I don't want to come off as "education MUST be fun or kids won't learn," but there's so little to enjoy in the current education system, or at least the one I went through. Minnick told us a few weeks ago in Drama - kids get an average of about two minutes to talk during the entire day. And then you wonder why they're restless in class?

But the teachers I did have, the good ones, the ones that made it worthwhile, got it - they made things not necessarily fun, but engaging. We wanted to listen. We wanted to hear what they were trying to say, or at least I did. Even if the rest of the day was shot by the other classes, these were worthwhile. I know last semester Adolescent Literature was more or less the only reason I got out of bed some mornings. I suffered through Anthropology, its lab course, and Form and Theory just to get to it. It was my reward for going through all the motions.

I'm getting rather rambly, so I'll cut it short - people deserve to know when they're making a difference. And even though I'm no longer in contact with two of those three teachers, I can make damn sure the third one knows it. And I did :)

Thursday, June 21, 2012

Another Appointment

But I'm nearly finished with my dentist visits. Bottom row this time, which turned out to be easier to deal with. Whether because I'm getting used to it or because it genuinely was easier, I don't know. The numbness in my face is starting to fade about now, so I'll probably need a Vicodin soon.

One of the ones toward the back was a doozy - I knew it would be an issue, but I learned after that fact that all they had to do was poke at it a little and it exposed the nerve. That one will probably end up with a crown, if not a root canal. As bad as my teeth have been though, only two were that bad, and the filling on the other one is holding up really well thus far. So maybe this one will be okay too. I won't be able to make any calls until at least a few days when my jaw stops being so sore and I can eat real food again.

Tuesday, June 19, 2012

Italian Food

Dinner with the library group tonight <3 Luigi's makes the best pizza around here.

Had to leave Drama early, but Minnick was cool with that. I won't get to go to writing class again until sometime in August D= But that gives me plenty of time to stock up on writing for them to look over. Not that I need it - I've been writing almost non-stop this summer. I don't typically write this much on break, but I can't complain~

Saturday, June 16, 2012

Mail, mail, mail

I got a postcard a few days ago. That reminded me...

I F$&#ING LOVE MAIL =DDDDD

So I'm going on a postcard sending spree and you're all invited. Note me an address on my dA account if you want one. Or Skype me. Or e-mail. Whatever, I have lots of stamps and stuff I'm not using because sending international got expensive all of a sudden.

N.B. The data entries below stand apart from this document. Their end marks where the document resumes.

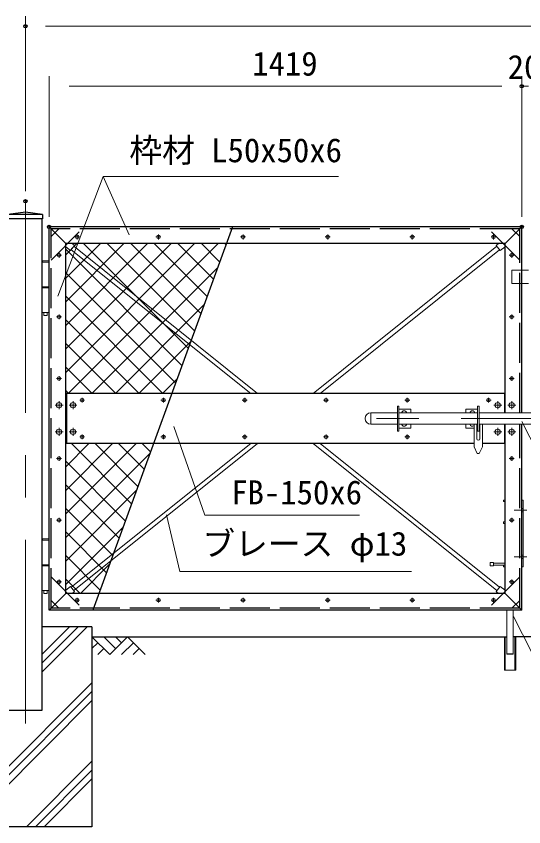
# Model space of a CAD drawing. Units: millimetres, scale not verified. Extents: x -6300 to 6300, y -4455 to 4455.
# Drawn here: x -3487 to -1963, y -2008 to 424 of the extents above; entities that cross this region are included whole.
import ezdxf
from ezdxf.enums import TextEntityAlignment as Align

# ---------------------------------------------------------------- set-up
doc = ezdxf.new("R2010")
doc.units = ezdxf.units.MM
doc.header["$LTSCALE"] = 20
doc.header["$PDMODE"] = 32
doc.header["$PDSIZE"] = 10
doc.linetypes.add('DASHED', pattern=[7.5, 6, -1.5])
doc.linetypes.add('USER1', pattern=[50.8, 31.75, -6.35, 6.35, -6.35])
for name, color, linetype, lineweight in [('0-1_D-STR1', 1, 'Continuous', 25), ('0-2_D-STR3', 3, 'Continuous', 13), ('0-3_D-BMK', 2, 'USER1', 13), ('0-4_D-STR-DIM', 7, 'Continuous', 13), ('0-5_D-BGD', 7, 'Continuous', 25), ('0-7_Defpoints', 8, 'Continuous', 25), ('0-8_D-STR4', 7, 'Continuous', 25), ('0-9_D-DCR-HCH', 7, 'Continuous', 13), ('0-A_D-STR-TXT', 7, 'Continuous', 13), ('0-B_D-STR2', 7, 'Continuous', 13)]:
    doc.layers.add(name, color=color, linetype=linetype, lineweight=lineweight)
doc.styles.add('ＭＳ ゴシック', font='')
doc.styles.get('ＭＳ ゴシック').set_extended_font_data('MS Gothic')

msp = doc.modelspace()

# ---------------------------------------------------------------- linework, layer by layer
at = {"layer": '0-1_D-STR1'}
for p, q in [((-3407.81, -170.84), (-3511.01, -170.84)), ((-3407.81, -183.84), (-3511.01, -183.84)), ((-3407.81, -170.84), (-3407.81, -183.84)), ((-3388.41, -1357.84), (-3388.41, -207.84)), ((-1969.41, -207.84), (-3388.41, -207.84)), ((-3388.41, -207.84), (-3338.41, -257.84)), ((-1969.41, -207.84), (-2019.41, -257.84)), ((-1969.41, -765.84), (-1969.41, -207.84)), ((-3338.41, -1307.84), (-3338.41, -257.84)), ((-2019.41, -257.84), (-3338.41, -257.84)), ((-2019.41, -765.84), (-2019.41, -257.84)), ((-2019.41, -707.84), (-3338.41, -707.84)), ((-3336.41, -707.84), (-3336.41, -857.84)), ((-2021.41, -707.84), (-2021.41, -765.84)), ((-2021.41, -799.84), (-2021.41, -857.84)), ((-2019.41, -1307.84), (-2019.41, -799.84)), ((-1969.41, -1357.84), (-1969.41, -799.84)), ((-2112.16, -857.84), (-3338.41, -857.84)), ((-2019.41, -857.84), (-2087.16, -857.84)), ((-3338.41, -1307.84), (-3388.41, -1357.84)), ((-2019.41, -1307.84), (-3338.41, -1307.84)), ((-2019.41, -1307.84), (-1969.41, -1357.84)), ((-1969.41, -1357.84), (-3388.41, -1357.84))]:
    msp.add_line(p, q, dxfattribs=at)
at = {"layer": '0-1_D-STR1', "linetype": 'DASHED'}
for p, q in [((-3382.41, -1351.84), (-3382.41, -213.84)), ((-1975.41, -213.84), (-3382.41, -213.84)), ((-1975.41, -765.84), (-1975.41, -213.84)), ((-1975.41, -1351.84), (-1975.41, -799.84)), ((-1975.41, -1351.84), (-3382.41, -1351.84))]:
    msp.add_line(p, q, dxfattribs=at)
at = {"layer": '0-1_D-STR1'}
for points in [[(-3407.81, -170.84), (-3459.41, -163.84), (-3511.01, -170.84)], [(-3509.41, -1657.84), (-3409.41, -1657.84), (-3409.41, -183.84)]]:
    msp.add_lwpolyline(points, dxfattribs=at)
at = {"layer": '0-2_D-STR3', "linetype": 'DASHED'}
for p, q in [((-3382.41, -307.84), (-3288.41, -213.84)), ((-3382.41, -237.13), (-3359.12, -213.84)), ((-1975.41, -307.84), (-2069.41, -213.84)), ((-1975.41, -237.13), (-1998.7, -213.84)), ((-1999.41, -375.84), (-1999.41, -339.84)), ((-1997.41, -337.84), (-1969.41, -337.84)), ((-1969.41, -377.84), (-1997.41, -377.84)), ((-3382.41, -1257.84), (-3288.41, -1351.84)), ((-1975.41, -1257.84), (-2069.41, -1351.84)), ((-3382.41, -1328.55), (-3359.12, -1351.84)), ((-1975.41, -1328.55), (-1998.7, -1351.84))]:
    msp.add_line(p, q, dxfattribs=at)
at = {"layer": '0-2_D-STR3'}
for p, q in [((-3318.75, -257.84), (-3311.71, -263.47)), ((-3313.9, -266.21), (-2762.2, -707.84)), ((-2043.93, -266.21), (-2595.62, -707.84)), ((-2039.07, -257.84), (-2046.11, -263.47)), ((-3322.02, -276.36), (-2783, -707.84)), ((-2035.8, -276.36), (-2574.82, -707.84)), ((-3409.41, -313.84), (-3409.41, -464.84)), ((-3388.41, -313.84), (-3409.41, -313.84)), ((-3388.41, -313.84), (-3388.41, -464.84)), ((-1969.41, -337.84), (-1949.41, -337.84)), ((-3388.41, -387.84), (-3409.41, -387.84)), ((-1969.41, -377.84), (-1949.41, -377.84)), ((-3388.41, -390.84), (-3409.41, -390.84)), ((-3388.41, -464.84), (-3409.41, -464.84)), ((-2342.41, -745.34), (-2342.41, -820.34)), ((-2342.41, -745.34), (-2337.91, -745.34)), ((-2337.91, -745.34), (-2337.91, -820.34)), ((-2101.91, -745.34), (-2101.91, -820.34)), ((-2097.41, -745.34), (-2101.91, -745.34)), ((-2097.41, -745.34), (-2097.41, -820.34)), ((-2422.66, -765.84), (-2422.66, -799.84)), ((-2342.41, -765.84), (-2422.66, -765.84)), ((-2337.91, -754.34), (-2302.41, -754.34)), ((-2101.91, -765.84), (-2337.91, -765.84)), ((-2302.41, -754.34), (-2302.41, -765.84)), ((-2137.41, -754.34), (-2137.41, -765.84)), ((-2101.91, -754.34), (-2137.41, -754.34)), ((-1821.41, -765.84), (-2097.41, -765.84)), ((-2342.41, -799.84), (-2422.66, -799.84)), ((-2101.91, -799.84), (-2337.91, -799.84)), ((-2302.41, -799.84), (-2302.41, -811.34)), ((-2137.41, -799.84), (-2137.41, -811.34)), ((-2112.16, -799.84), (-2112.16, -867.84)), ((-2104.16, -799.84), (-2104.16, -843.34)), ((-1821.41, -799.84), (-2097.41, -799.84)), ((-2095.16, -799.84), (-2095.16, -843.34)), ((-2087.16, -799.84), (-2087.16, -867.84)), ((-2342.41, -820.34), (-2337.91, -820.34)), ((-2337.91, -811.34), (-2302.41, -811.34)), ((-2112.16, -811.34), (-2137.41, -811.34)), ((-2101.91, -811.34), (-2104.16, -811.34)), ((-2097.41, -820.34), (-2101.91, -820.34)), ((-2783, -857.84), (-3321.9, -1289.22)), ((-2762.2, -857.84), (-3313.77, -1299.37)), ((-2595.62, -857.84), (-2044.05, -1299.37)), ((-2574.82, -857.84), (-2035.92, -1289.22)), ((-2102.66, -887.84), (-2112.16, -867.84)), ((-2096.66, -887.84), (-2087.16, -867.84)), ((-2096.66, -887.84), (-2102.66, -887.84)), ((-2019.41, -1027.84), (-2024.41, -1027.84)), ((-2024.41, -1027.84), (-2024.41, -1032.34)), ((-2019.41, -1032.34), (-2024.41, -1032.34)), ((-1964.91, -1051.84), (-1969.41, -1053.87)), ((-1964.91, -1063.84), (-1969.38, -1061.84)), ((-2019.41, -1093.34), (-2024.41, -1093.34)), ((-2024.41, -1093.34), (-2024.41, -1097.84)), ((-2019.41, -1097.84), (-2024.41, -1097.84)), ((-3409.41, -1147.84), (-3409.41, -1298.84)), ((-3388.41, -1147.84), (-3409.41, -1147.84)), ((-3388.41, -1147.84), (-3388.41, -1298.84)), ((-2063.91, -1225.34), (-2063.91, -1215.34)), ((-2053.91, -1215.34), (-2063.91, -1215.34)), ((-2053.91, -1225.34), (-2053.91, -1215.34)), ((-1964.91, -1191.84), (-1969.41, -1193.87)), ((-1964.91, -1203.84), (-1969.38, -1201.84)), ((-3388.41, -1221.84), (-3409.41, -1221.84)), ((-3388.41, -1224.84), (-3409.41, -1224.84)), ((-2053.91, -1225.34), (-2063.91, -1225.34)), ((-2053.91, -1217.34), (-2019.41, -1217.34)), ((-2019.41, -1223.34), (-2053.91, -1223.34)), ((-2024.41, -1223.34), (-2024.41, -1227.84)), ((-2019.41, -1227.84), (-2024.41, -1227.84)), ((-1969.41, -1227.84), (-1964.91, -1227.84)), ((-3338.41, -1297.96), (-3324.09, -1286.49)), ((-2019.41, -1297.96), (-2033.74, -1286.49)), ((-3388.41, -1298.84), (-3409.41, -1298.84)), ((-2013.91, -1357.84), (-2013.91, -1489.34)), ((-1994.91, -1357.84), (-1994.91, -1489.34)), ((-2021.41, -1437.84), (-2021.41, -1537.84)), ((-2019.11, -1437.84), (-2019.11, -1537.84)), ((-1989.71, -1537.84), (-1989.71, -1437.84)), ((-2013.91, -1489.34), (-1994.91, -1489.34)), ((-2012.91, -1490.34), (-2013.91, -1489.34)), ((-2012.91, -1490.34), (-1995.91, -1490.34)), ((-1995.91, -1490.34), (-1994.91, -1489.34))]:
    msp.add_line(p, q, dxfattribs=at)
for points in [[(-3338.41, -267.72), (-3324.21, -279.09), (-3311.71, -263.47)], [(-2019.41, -267.72), (-2033.61, -279.09), (-2046.11, -263.47)], [(-3389.41, -313.84), (-3389.41, -309.84), (-3408.41, -309.84), (-3408.41, -313.84)], [(-3393.66, -464.84), (-3393.66, -473.84), (-3404.16, -473.84), (-3404.16, -464.84)], [(-1969.41, -1027.84), (-1964.91, -1027.84), (-1964.91, -1227.84)], [(-3389.41, -1147.84), (-3389.41, -1143.84), (-3408.41, -1143.84), (-3408.41, -1147.84)], [(-3318.75, -1307.84), (-3311.59, -1302.1), (-3324.09, -1286.49)], [(-2039.07, -1307.84), (-2046.24, -1302.1), (-2033.74, -1286.49)], [(-3393.66, -1298.84), (-3393.66, -1307.84), (-3404.16, -1307.84), (-3404.16, -1298.84)], [(-2021.41, -1537.84), (-1987.41, -1537.84), (-1987.41, -1437.84)]]:
    msp.add_lwpolyline(points, dxfattribs=at)
for centre, radius in [((-3303.91, -237.84), 5.25), ((-3059.91, -237.84), 5.25), ((-2805.91, -237.84), 5.25), ((-2551.91, -237.84), 5.25), ((-2297.91, -237.84), 5.25), ((-2053.91, -237.84), 5.25), ((-3358.41, -292.84), 5.25), ((-1999.41, -292.84), 5.25), ((-3358.41, -477.84), 5.25), ((-1999.41, -477.84), 5.25), ((-3358.41, -662.84), 5.25), ((-1999.41, -662.84), 5.25), ((-3288.91, -727.84), 5.25), ((-3044.91, -727.84), 5.25), ((-2800.91, -727.84), 5.25), ((-2556.91, -727.84), 5.25), ((-2312.91, -727.84), 5.25), ((-2068.91, -727.84), 5.25), ((-3358.41, -742.84), 8), ((-3316.41, -742.84), 8), ((-2041.41, -742.84), 8), ((-1999.41, -742.84), 8), ((-3358.41, -822.84), 8), ((-3316.41, -822.84), 8), ((-2041.41, -822.84), 8), ((-1999.41, -822.84), 8), ((-3288.91, -837.84), 5.25), ((-3044.91, -837.84), 5.25), ((-2800.91, -837.84), 5.25), ((-2556.91, -837.84), 5.25), ((-2312.91, -837.84), 5.25), ((-3358.41, -902.84), 5.25), ((-1999.41, -902.84), 5.25), ((-3358.41, -1087.84), 5.25), ((-1999.41, -1087.84), 5.25), ((-3358.41, -1272.84), 5.25), ((-1999.41, -1272.84), 5.25), ((-3303.91, -1327.84), 5.25), ((-3059.91, -1327.84), 5.25), ((-2805.91, -1327.84), 5.25), ((-2551.91, -1327.84), 5.25), ((-2297.91, -1327.84), 5.25), ((-2053.91, -1327.84), 5.25)]:
    msp.add_circle(centre, radius, dxfattribs=at)
at = {"layer": '0-2_D-STR3', "linetype": 'DASHED'}
for centre, start, end in [((-1997.41, -339.84), 90, 180), ((-1997.41, -375.84), 180, 270)]:
    msp.add_arc(centre, 2, start, end, dxfattribs=at)
at = {"layer": '0-2_D-STR3'}
for centre, radius, start, end in [((-2422.66, -782.84), 17, 90, 270), ((-2322.41, -767.84), 8, 14.47751, 165.52249), ((-2117.41, -767.84), 8, 14.47751, 165.52249), ((-2322.41, -797.84), 8, 194.47751, 345.52249), ((-2117.41, -797.84), 8, 194.47751, 311.0145), ((-2099.66, -843.34), 4.5, 180, 0)]:
    msp.add_arc(centre, radius, start, end, dxfattribs=at)
at = {"layer": '0-3_D-BMK'}
for p, q in [((-3459.41, -130.84), (-3459.41, -1697.84)), ((-3311.35, -237.84), (-3296.47, -237.84)), ((-3303.91, -230.4), (-3303.91, -245.28)), ((-3067.35, -237.84), (-3052.47, -237.84)), ((-3059.91, -230.4), (-3059.91, -245.28)), ((-2813.35, -237.84), (-2798.47, -237.84)), ((-2805.91, -230.4), (-2805.91, -245.28)), ((-2559.35, -237.84), (-2544.47, -237.84)), ((-2551.91, -230.4), (-2551.91, -245.28)), ((-2305.35, -237.84), (-2290.47, -237.84)), ((-2297.91, -230.4), (-2297.91, -245.28)), ((-2061.35, -237.84), (-2046.47, -237.84)), ((-2053.91, -230.4), (-2053.91, -245.28)), ((-3358.41, -285.4), (-3358.41, -300.28)), ((-1999.41, -285.4), (-1999.41, -300.28)), ((-3365.85, -292.84), (-3350.97, -292.84)), ((-2006.85, -292.84), (-1991.97, -292.84)), ((-3365.85, -477.84), (-3350.97, -477.84)), ((-3358.41, -470.4), (-3358.41, -485.28)), ((-2006.85, -477.84), (-1991.97, -477.84)), ((-1999.41, -470.4), (-1999.41, -485.28)), ((-3358.41, -655.4), (-3358.41, -670.28)), ((-1999.41, -655.4), (-1999.41, -670.28)), ((-3365.85, -662.84), (-3350.97, -662.84)), ((-2006.85, -662.84), (-1991.97, -662.84)), ((-3296.35, -727.84), (-3281.47, -727.84)), ((-3288.91, -720.4), (-3288.91, -735.28)), ((-3052.35, -727.84), (-3037.47, -727.84)), ((-3044.91, -720.4), (-3044.91, -735.28)), ((-2808.35, -727.84), (-2793.47, -727.84)), ((-2800.91, -720.4), (-2800.91, -735.28)), ((-2564.35, -727.84), (-2549.47, -727.84)), ((-2556.91, -720.4), (-2556.91, -735.28)), ((-2320.35, -727.84), (-2305.47, -727.84)), ((-2312.91, -720.4), (-2312.91, -735.28)), ((-2076.35, -727.84), (-2061.47, -727.84)), ((-2068.91, -720.4), (-2068.91, -735.28)), ((-3346.41, -742.84), (-3370.41, -742.84)), ((-3358.41, -730.84), (-3358.41, -754.84)), ((-3304.41, -742.84), (-3328.41, -742.84)), ((-3316.41, -730.84), (-3316.41, -754.84)), ((-2029.41, -742.84), (-2053.41, -742.84)), ((-2041.41, -730.84), (-2041.41, -754.84)), ((-1987.41, -742.84), (-2011.41, -742.84)), ((-1999.41, -730.84), (-1999.41, -754.84)), ((-1516.46, -782.84), (-2446.46, -782.84)), ((-3346.41, -822.84), (-3370.41, -822.84)), ((-3358.41, -810.84), (-3358.41, -834.84)), ((-3304.41, -822.84), (-3328.41, -822.84)), ((-3316.41, -810.84), (-3316.41, -834.84)), ((-2029.41, -822.84), (-2053.41, -822.84)), ((-2041.41, -810.84), (-2041.41, -834.84)), ((-1987.41, -822.84), (-2011.41, -822.84)), ((-1999.41, -810.84), (-1999.41, -834.84)), ((-3296.35, -837.84), (-3281.47, -837.84)), ((-3288.91, -830.4), (-3288.91, -845.28)), ((-3052.35, -837.84), (-3037.47, -837.84)), ((-3044.91, -830.4), (-3044.91, -845.28)), ((-2808.35, -837.84), (-2793.47, -837.84)), ((-2800.91, -830.4), (-2800.91, -845.28)), ((-2564.35, -837.84), (-2549.47, -837.84)), ((-2556.91, -830.4), (-2556.91, -845.28)), ((-2320.35, -837.84), (-2305.47, -837.84)), ((-2312.91, -830.4), (-2312.91, -845.28)), ((-3358.41, -895.4), (-3358.41, -910.28)), ((-1999.41, -895.4), (-1999.41, -910.28)), ((-3365.85, -902.84), (-3350.97, -902.84)), ((-2006.85, -902.84), (-1991.97, -902.84)), ((-1991.59, -1057.84), (-1953.85, -1057.84)), ((-3365.85, -1087.84), (-3350.97, -1087.84)), ((-3358.41, -1080.4), (-3358.41, -1095.28)), ((-2006.85, -1087.84), (-1991.97, -1087.84)), ((-1999.41, -1080.4), (-1999.41, -1095.28)), ((-1991.59, -1197.84), (-1953.85, -1197.84)), ((-3365.85, -1272.84), (-3350.97, -1272.84)), ((-3358.41, -1265.4), (-3358.41, -1280.28)), ((-2006.85, -1272.84), (-1991.97, -1272.84)), ((-1999.41, -1265.4), (-1999.41, -1280.28)), ((-3311.35, -1327.84), (-3296.47, -1327.84)), ((-3303.91, -1320.4), (-3303.91, -1335.28)), ((-3067.35, -1327.84), (-3052.47, -1327.84)), ((-3059.91, -1320.4), (-3059.91, -1335.28)), ((-2813.35, -1327.84), (-2798.47, -1327.84)), ((-2805.91, -1320.4), (-2805.91, -1335.28)), ((-2559.35, -1327.84), (-2544.47, -1327.84)), ((-2551.91, -1320.4), (-2551.91, -1335.28)), ((-2305.35, -1327.84), (-2290.47, -1327.84)), ((-2297.91, -1320.4), (-2297.91, -1335.28)), ((-2061.35, -1327.84), (-2046.47, -1327.84)), ((-2053.91, -1320.4), (-2053.91, -1335.28))]:
    msp.add_line(p, q, dxfattribs=at)
at = {"layer": '0-4_D-STR-DIM'}
for p, q in [((-3459.41, -100.84), (-3459.41, 424.2)), ((-519.41, 394.2), (-3399.41, 394.2)), ((-3388.41, -177.84), (-3388.41, 244.2)), ((-1969.41, -177.84), (-1969.41, 244.2)), ((-1969.41, -177.84), (-1969.41, 244.2)), ((-3328.41, 214.2), (-2029.41, 214.2)), ((-2029.41, 214.2), (-2089.41, 214.2)), ((-1969.41, 214.2), (-1949.41, 214.2))]:
    msp.add_line(p, q, dxfattribs=at)
at = {"layer": '0-5_D-BGD'}
for p, q in [((-3259.41, -1437.84), (-2015.41, -1437.84)), ((-659.41, -1437.84), (-1993.41, -1437.84))]:
    msp.add_line(p, q, dxfattribs=at)
at = {"layer": '0-7_Defpoints'}
msp.add_line((-2838.04, -207.84), (-3256.61, -1357.84), dxfattribs=at)
for p in [(-3459.41, 394.2), (-1969.41, 214.2), (-3459.41, -130.84), (-3388.41, -207.84), (-1969.41, -207.84)]:
    msp.add_point(p, dxfattribs=at)
at = {"layer": '0-8_D-STR4'}
for p, q in [((-3259.41, -1407.84), (-3409.41, -1407.84)), ((-3259.41, -1407.84), (-3259.41, -2007.84)), ((-3259.41, -2007.84), (-3659.41, -2007.84))]:
    msp.add_line(p, q, dxfattribs=at)
at = {"layer": '0-9_D-DCR-HCH'}
for p, q in [((-3409.41, -1542.93), (-3274.32, -1407.84)), ((-3409.41, -1516.41), (-3300.84, -1407.84)), ((-3409.41, -1489.89), (-3327.36, -1407.84)), ((-3206.2, -1491.05), (-3259.41, -1437.84)), ((-3241.67, -1455.57), (-3259.41, -1473.23)), ((-3188.46, -1473.31), (-3223.94, -1437.84)), ((-3152.99, -1437.84), (-3206.2, -1491.05)), ((-3170.72, -1455.57), (-3188.46, -1437.84)), ((-3135.25, -1455.57), (-3170.89, -1491.05)), ((-3152.99, -1437.84), (-3099.78, -1491.05)), ((-3223.94, -1473.31), (-3241.76, -1491.05)), ((-3117.51, -1473.31), (-3135.33, -1491.05)), ((-3659.41, -1975.6), (-3259.41, -1575.6)), ((-3659.41, -2002.11), (-3259.41, -1602.11)), ((-3638.62, -2007.84), (-3259.41, -1628.63)), ((-3455.95, -2007.84), (-3259.41, -1811.3)), ((-3429.43, -2007.84), (-3259.41, -1837.82)), ((-3402.92, -2007.84), (-3259.41, -1864.33))]:
    msp.add_line(p, q, dxfattribs=at)
at = {"layer": '0-A_D-STR-TXT'}
msp.add_line((-3226.05, -56.43), (-3147.84, -232.07), dxfattribs=at)
for points in [[(-2519.21, -56.43), (-3226.05, -56.43), (-3362.11, -415.56)], [(-932.08, -1070.09), (-1826.61, -1070.09), (-1968.66, -791.47)], [(-2456.83, -1072.37), (-2920.4, -1072.37), (-3013.94, -807.17)], [(-2300.58, -1242.19), (-2996, -1242.19), (-3035.31, -1071.36)], [(-1251.37, -1640.26), (-1860.37, -1640.26), (-1994.01, -1376.74)]]:
    msp.add_lwpolyline(points, dxfattribs=at)
at = {"layer": '0-B_D-STR2'}
for p, q in [((-3338.41, -291.33), (-3304.92, -257.84)), ((-3338.41, -362.04), (-3234.21, -257.84)), ((-3338.41, -432.75), (-3163.5, -257.84)), ((-3338.41, -503.46), (-3092.79, -257.84)), ((-3338.41, -574.17), (-3022.08, -257.84)), ((-3338.41, -644.88), (-2951.37, -257.84)), ((-3330.65, -707.84), (-2880.65, -257.84)), ((-2970.57, -571.94), (-3284.67, -257.84)), ((-2951.7, -520.1), (-3213.96, -257.84)), ((-2932.83, -468.26), (-3143.25, -257.84)), ((-2913.96, -416.42), (-3072.54, -257.84)), ((-2895.09, -364.58), (-3001.83, -257.84)), ((-2876.22, -312.73), (-2931.12, -257.84)), ((-2857.35, -260.89), (-2860.41, -257.84)), ((-2989.44, -623.79), (-3338.41, -274.81)), ((-3259.94, -707.84), (-2882.74, -330.63)), ((-3008.31, -675.63), (-3338.41, -345.52)), ((-3046.81, -707.84), (-3338.41, -416.23)), ((-3189.23, -707.84), (-2923.2, -441.81)), ((-3117.52, -707.84), (-3338.41, -486.94)), ((-3188.23, -707.84), (-3338.41, -557.65)), ((-3118.52, -707.84), (-2963.67, -552.98)), ((-3258.94, -707.84), (-3338.41, -628.36)), ((-3047.81, -707.84), (-3004.13, -664.16)), ((-3329.65, -707.84), (-3338.41, -699.07)), ((-3338.41, -927.73), (-3268.52, -857.84)), ((-3338.41, -998.44), (-3197.81, -857.84)), ((-3338.41, -1069.15), (-3127.1, -857.84)), ((-3140.39, -1038.52), (-3321.07, -857.84)), ((-3121.52, -986.68), (-3250.36, -857.84)), ((-3102.65, -934.84), (-3179.65, -857.84)), ((-3083.78, -882.99), (-3108.94, -857.84)), ((-3338.41, -1139.86), (-3085.06, -886.51)), ((-3159.26, -1090.36), (-3338.41, -911.21)), ((-3178.13, -1142.2), (-3338.41, -981.92)), ((-3338.41, -1210.57), (-3125.52, -997.68)), ((-3196.99, -1194.05), (-3338.41, -1052.63)), ((-3338.41, -1281.28), (-3165.99, -1108.86)), ((-3215.86, -1245.89), (-3338.41, -1123.34)), ((-3234.73, -1297.73), (-3338.41, -1194.05)), ((-3294.26, -1307.84), (-3206.45, -1220.03)), ((-3295.33, -1307.84), (-3338.41, -1264.76))]:
    msp.add_line(p, q, dxfattribs=at)

# ---------------------------------------------------------------- texts
at = {"layer": '0-4_D-STR-DIM', "style": 'ＭＳ ゴシック'}
for s, p in [('1419', (-2778.29, 224.33)), ('20', (-2011.54, 214.28))]:
    msp.add_text(s, height=72.14, dxfattribs=at).set_placement(p, align=Align.BOTTOM_LEFT)
at = {"layer": '0-A_D-STR-TXT', "style": 'ＭＳ ゴシック'}
for s, p in [('枠材 L50x50x6', (-3147.38, -35.64)), ('FB-150x6', (-2841.35, -1062.25)), ('ブレース φ13', (-2928.37, -1216.08))]:
    msp.add_text(s, height=72.14, dxfattribs=at).set_placement(p, align=Align.BOTTOM_LEFT)

doc.saveas('drawing.dxf')

By the way, several of you who've noted me addresses in the past, well, you used school addresses. Which is fine when you're in school, but not during the summer!

Also, I have no idea what's up with Round Robin. I hope that it got sent/ is going to be sent soon.

Thursday, June 14, 2012

RP Makes Me Laugh

I meant to write yesterday and forgot. Whoops.

Drama was, as usual, entertaining. Our theme this time revolved around stress and homelessness, but what I really learned from the class was that Dr. Minnick roleplays a very convincing seven year old runaway =B

Some context then: he played the runaway - the rest of us played various people in her life. The family, friends, and any other significant adults. And we did a kind of improvisational set of scenes that way as he moved from group to group. I was supposed to roleplay a teacher, but didn't actually manage it due to laughter; one of the other people in our scene was a grandmother with Alzheimer's who kept forgetting her dog was dead. And I'm not going to be able to suffienctly explain why that was so hilarious, so I won't even try XD

In other news, it's nearly time to give away a notebook. I happen to have cash on me for a change, so I'll be able to send it along without much delay once a winner is chosen. I'm a little sorry to see this one go - it's a pretty good one I think =)

Monday, June 11, 2012

Oh, Drama

Well. This was even better than fingerpainting.

Today was a sort of mystery roleplay exercise thing. I'll skip the lead up stuff and jump right in. We were given a fragment:

On June 27th, the body of Tessie Hutchinson was found by the road that runs from the village to Moose Creek, as it passes the farm of Mr. Summers and is on the route Mr. Graves, the postman, takes daily. Tessie was the wife of Bill and mother of Nancy and Davy. No one spoke of her death. No gravestone marks her burial place.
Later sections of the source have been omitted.